> _Activity_
What you give back should be only the lines from the one holding "net group CPSW_ETH1_D1: nets" through the final line of the records, each reproduced exactly.

> _Supplied information_
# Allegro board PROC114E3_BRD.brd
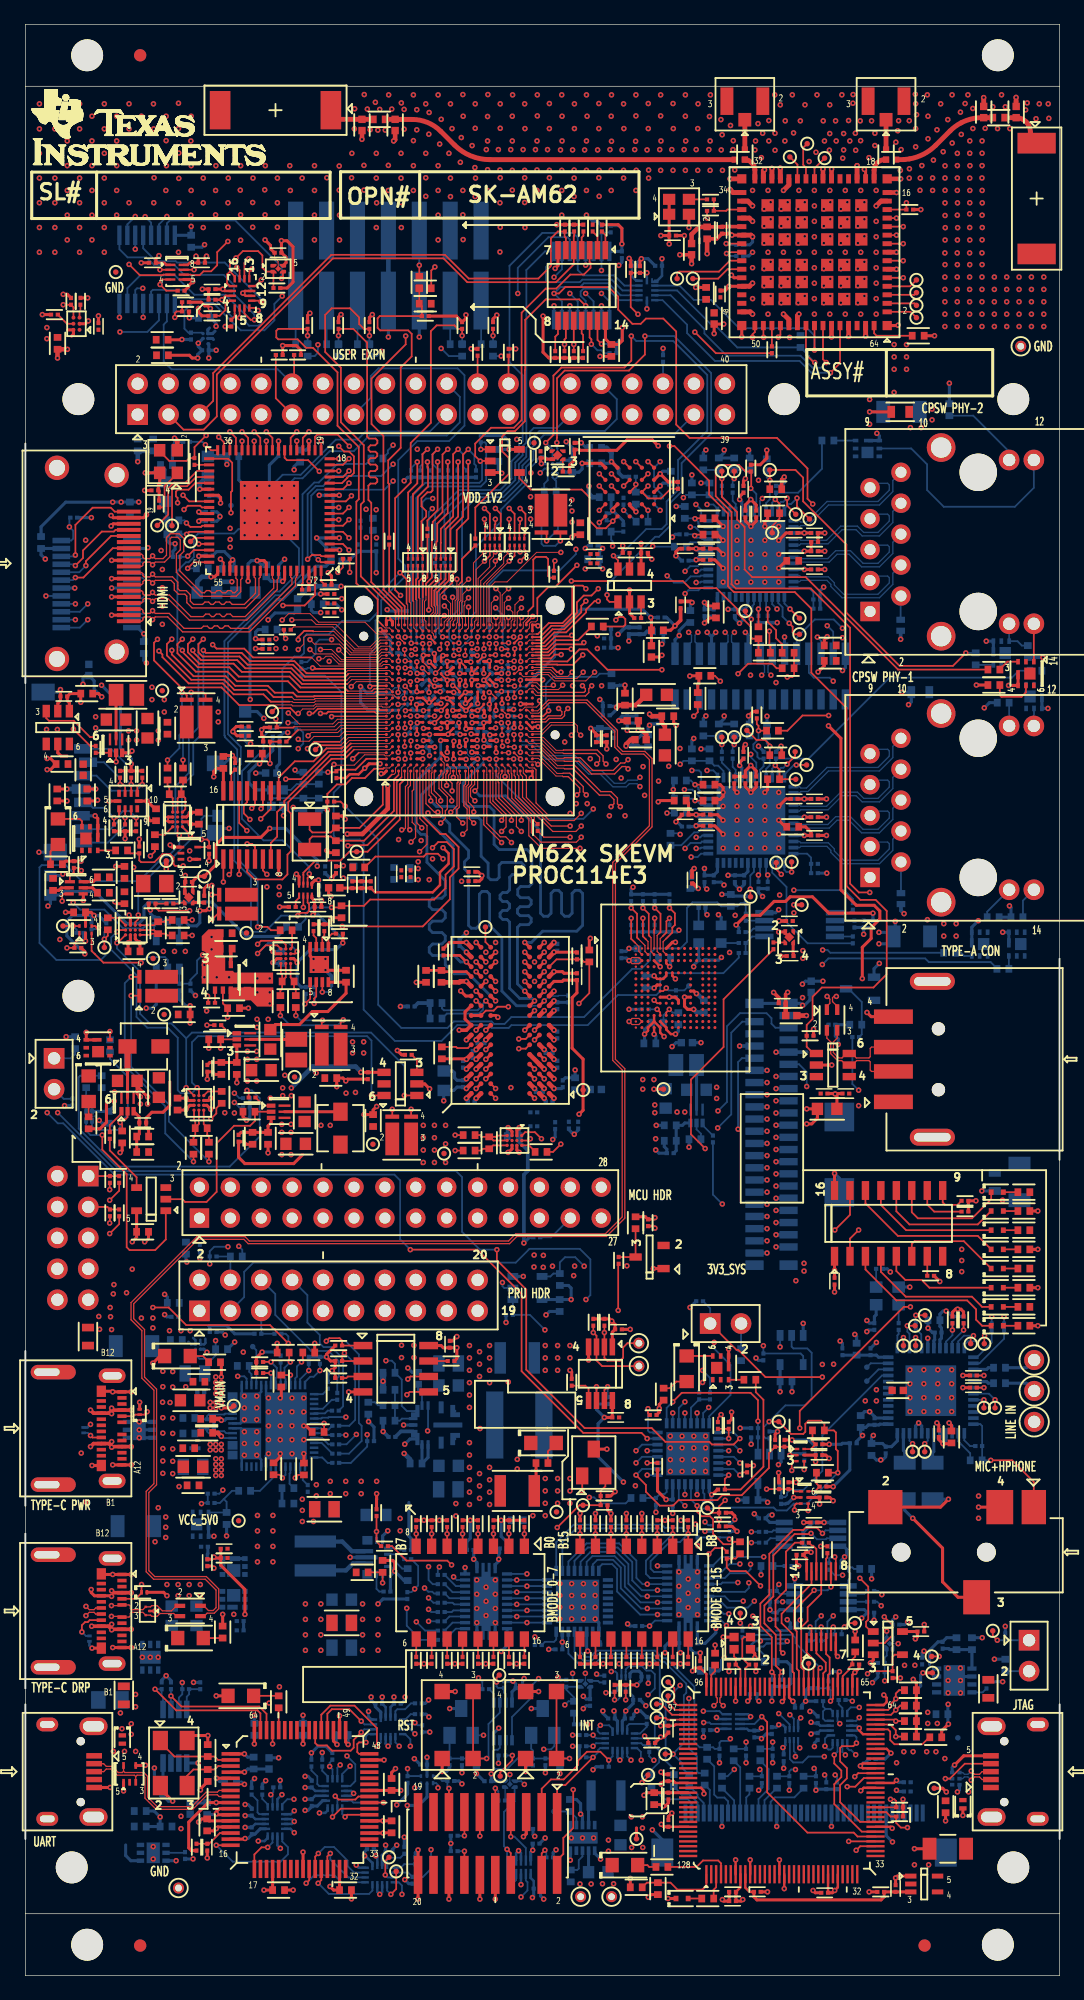
[diagram p0: board, top side]
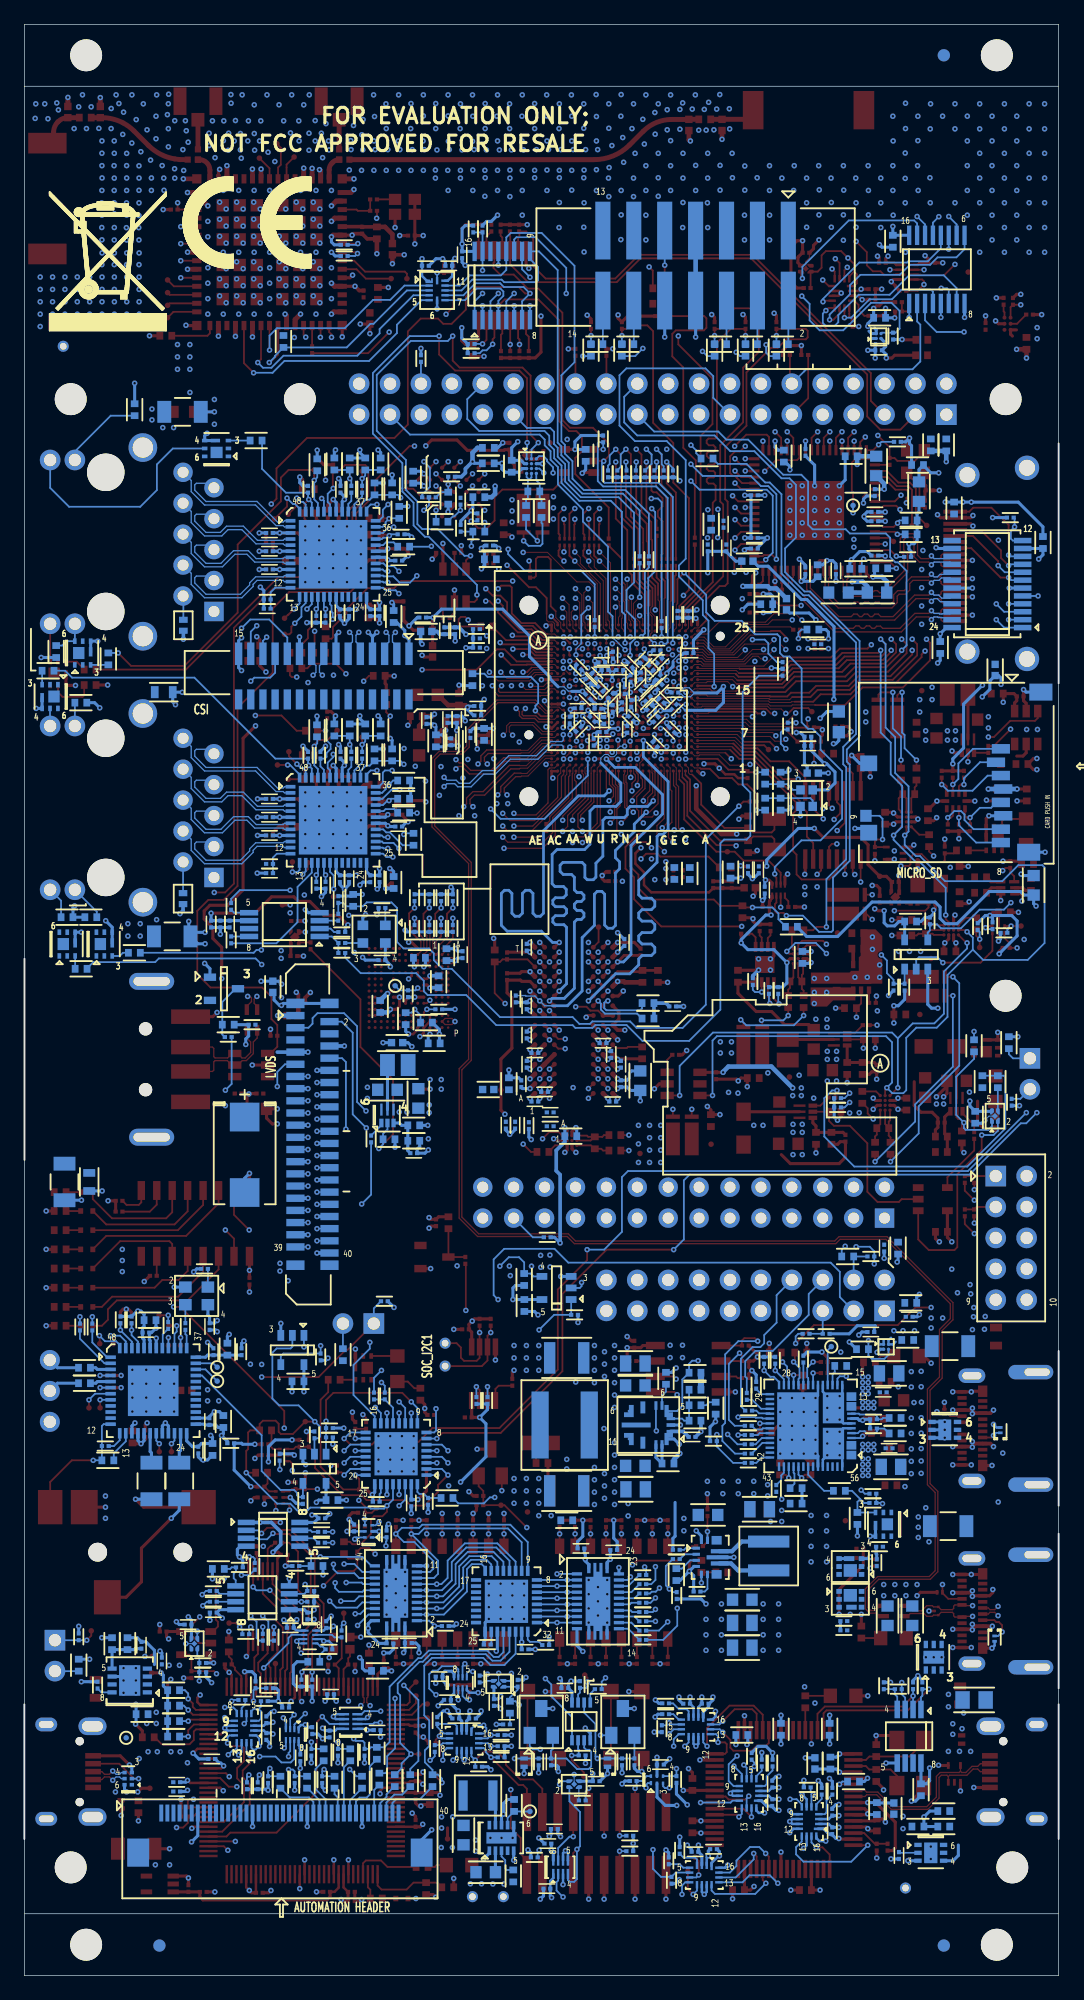
[diagram p1: board, bottom side, seen from below]

Outline 85 x 160.26 mm; copper layers: TOP, L02_GND1, L03_SIG1, L04_GND2, L05_PWR1, L06_PWR2, L07_GND3, L08_SIG2, L09_GND4, BOTTOM. Coordinates in mm from the lower left corner of the outline.
Outline path: 0,155.18 0,160.26 85,160.26 85,155.18 ; 0,155.18 0,5.08 ; 0,155.18 85,155.18 ; 0,5.08 0,0 85,0 85,5.08 ; 0,5.08 85,5.08 ; 85,5.08 85,155.18

## Design rules (mm)
net group CPSW_ETH1_D0: nets CPSW_ETH1_D0N CPSW_ETH1_D0P
net group CPSW_ETH1_D1: nets CPSW_ETH1_D1M CPSW_ETH1_D1P
net group CPSW_ETH1_D2: nets CPSW_ETH1_D2M CPSW_ETH1_D2P
net group CPSW_ETH1_D3: nets CPSW_ETH1_D3M CPSW_ETH1_D3P
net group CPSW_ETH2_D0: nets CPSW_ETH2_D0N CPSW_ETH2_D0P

> _Exercise response_
net group CPSW_ETH1_D1: nets CPSW_ETH1_D1M CPSW_ETH1_D1P
net group CPSW_ETH1_D2: nets CPSW_ETH1_D2M CPSW_ETH1_D2P
net group CPSW_ETH1_D3: nets CPSW_ETH1_D3M CPSW_ETH1_D3P
net group CPSW_ETH2_D0: nets CPSW_ETH2_D0N CPSW_ETH2_D0P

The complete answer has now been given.